Currently, as I write this lines, I just finished the removal. I can `git show`
and see all the macro expansion related functionality in red.

Now I can get to the work. I have to write a macro expander. I'm yet to decide
if I should write it first in Scheme (without macros) and translate it later or
if I should write it directly in C. In any case, the macro expansion step would
be separated from the evaluation.

The separation is not absolute, because the macro expander would make use of
the brand new `eval_core` function to run the macros, but at least we would
have the two concerns clearly split in the code. Consider this the 0 step.

With the split, it would be time to start thinking about the compilation and
evaluation. In the first thought I didn't know very well what to do, because if
the evaluator works on bytecode, how would I expand the macros then?

I gave this too much thought, but it wasn't that difficult, really. If the
macro expander is not only a macro expander but also a compiler, the body of
the macros can be compiled as they come.
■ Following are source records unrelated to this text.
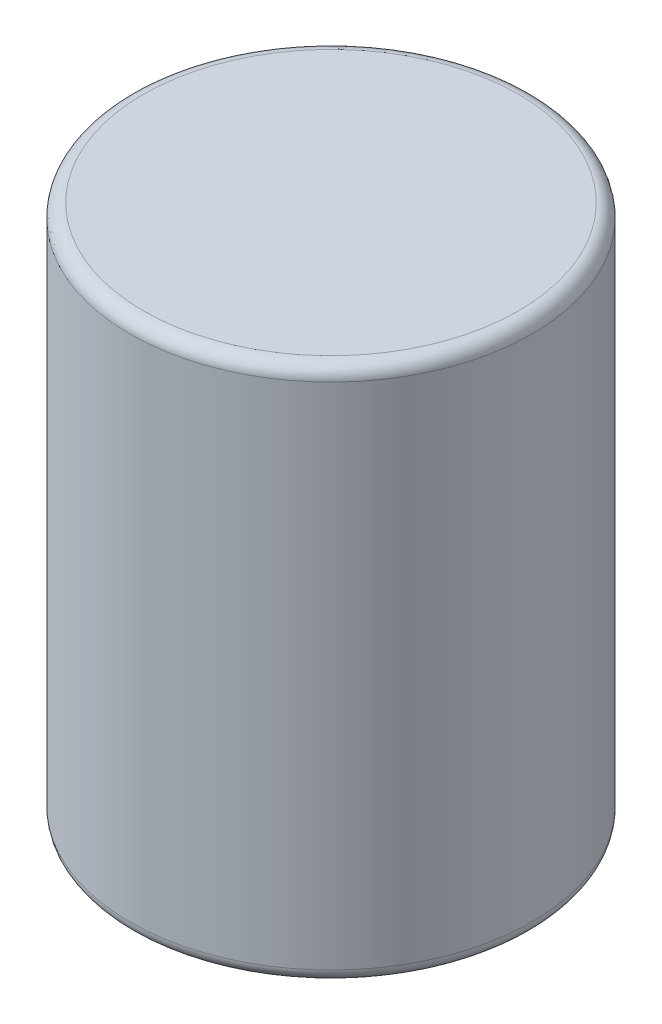
SolidWorks part; units mm, degrees
other "magnet"
ref_plane "Front Plane" through (0, 0, 0) normal (0, 0, 1) x (1, 0, 0)
ref_plane "Top Plane" through (0, 0, 0) normal (0, 1, 0) x (1, 0, 0)
ref_plane "Right Plane" through (0, 0, 0) normal (1, 0, 0) x (0, 0, -1)
sketch "Sketch1" plane through (0, 0, 0) normal (0, 1, 0) x (1, 0, 0)
  circle A0 centre (0, 0) radius 1.5
  dimension "D1" = 3
extrude "Boss-Extrude1" add sketch "Sketch1" along normal blind 4
fillet "Fillet1" radius 0.1 2 edges at (0, 0, 1.5) (0, 4, 1.5)

The macro expansion would still work
with the `eval_core` function, the same as it did, but now it wouldn't eval
Scheme code, but bytecode.

Even more, we could compile all the Scheme code as we read it for macro
expansion, so we could use helper functions from the current file in the macro
expansion step, and we would traverse the tree only once.

Time for writing a macro expander, then.

Another thing I never did before. I'm sure it will be a lot of fun.